Data items
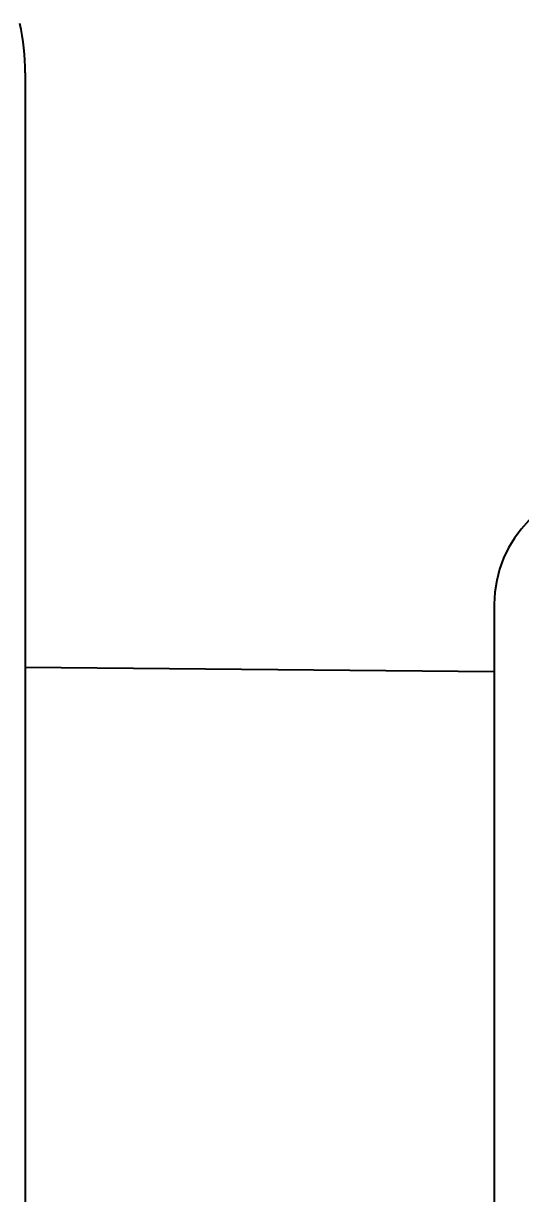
# Model space of a CAD drawing. Header units: millimetres. Extents: x 0 to 3364, y 0 to 2376.
# Drawn here: x 1923.69 to 1927.9, y 1295.2 to 1305.12 of the extents above; entities that cross this region are included whole.
import ezdxf

# ---------------------------------------------------------------- set-up
doc = ezdxf.new("R2010")
doc.units = ezdxf.units.MM
doc.header["$LTSCALE"] = 4
doc.layers.add('가시적인 것(ISO)', color=3, linetype='Continuous', lineweight=40, true_color=0x00ff00)

msp = doc.modelspace()

# ---------------------------------------------------------------- linework, layer by layer
at = {"layer": '가시적인 것(ISO)'}
for p, q in [((1923.7023, 1304.6988), (1923.7023, 1269.6988)), ((1927.6715, 1300.1988), (1927.6715, 1273.1988)), ((1927.6715, 1299.6256), (1923.7023, 1299.6622))]:
    msp.add_line(p, q, dxfattribs=at)
for centre, radius, start, end in [((1921.7023, 1304.6988), 2, 0, 12.0669), ((1928.6715, 1300.1988), 1, 90, 180)]:
    msp.add_arc(centre, radius, start, end, dxfattribs=at)

doc.saveas('drawing.dxf')

Task objective —
Each record above needs to be copied exactly, with images left out.

Answer to the exercise —
# Model space of a CAD drawing. Header units: millimetres. Extents: x 0 to 3364, y 0 to 2376.
# Drawn here: x 1923.69 to 1927.9, y 1295.2 to 1305.12 of the extents above; entities that cross this region are included whole.
import ezdxf

# ---------------------------------------------------------------- set-up
doc = ezdxf.new("R2010")
doc.units = ezdxf.units.MM
doc.header["$LTSCALE"] = 4
doc.layers.add('가시적인 것(ISO)', color=3, linetype='Continuous', lineweight=40, true_color=0x00ff00)

msp = doc.modelspace()

# ---------------------------------------------------------------- linework, layer by layer
at = {"layer": '가시적인 것(ISO)'}
for p, q in [((1923.7023, 1304.6988), (1923.7023, 1269.6988)), ((1927.6715, 1300.1988), (1927.6715, 1273.1988)), ((1927.6715, 1299.6256), (1923.7023, 1299.6622))]:
    msp.add_line(p, q, dxfattribs=at)
for centre, radius, start, end in [((1921.7023, 1304.6988), 2, 0, 12.0669), ((1928.6715, 1300.1988), 1, 90, 180)]:
    msp.add_arc(centre, radius, start, end, dxfattribs=at)

doc.saveas('drawing.dxf')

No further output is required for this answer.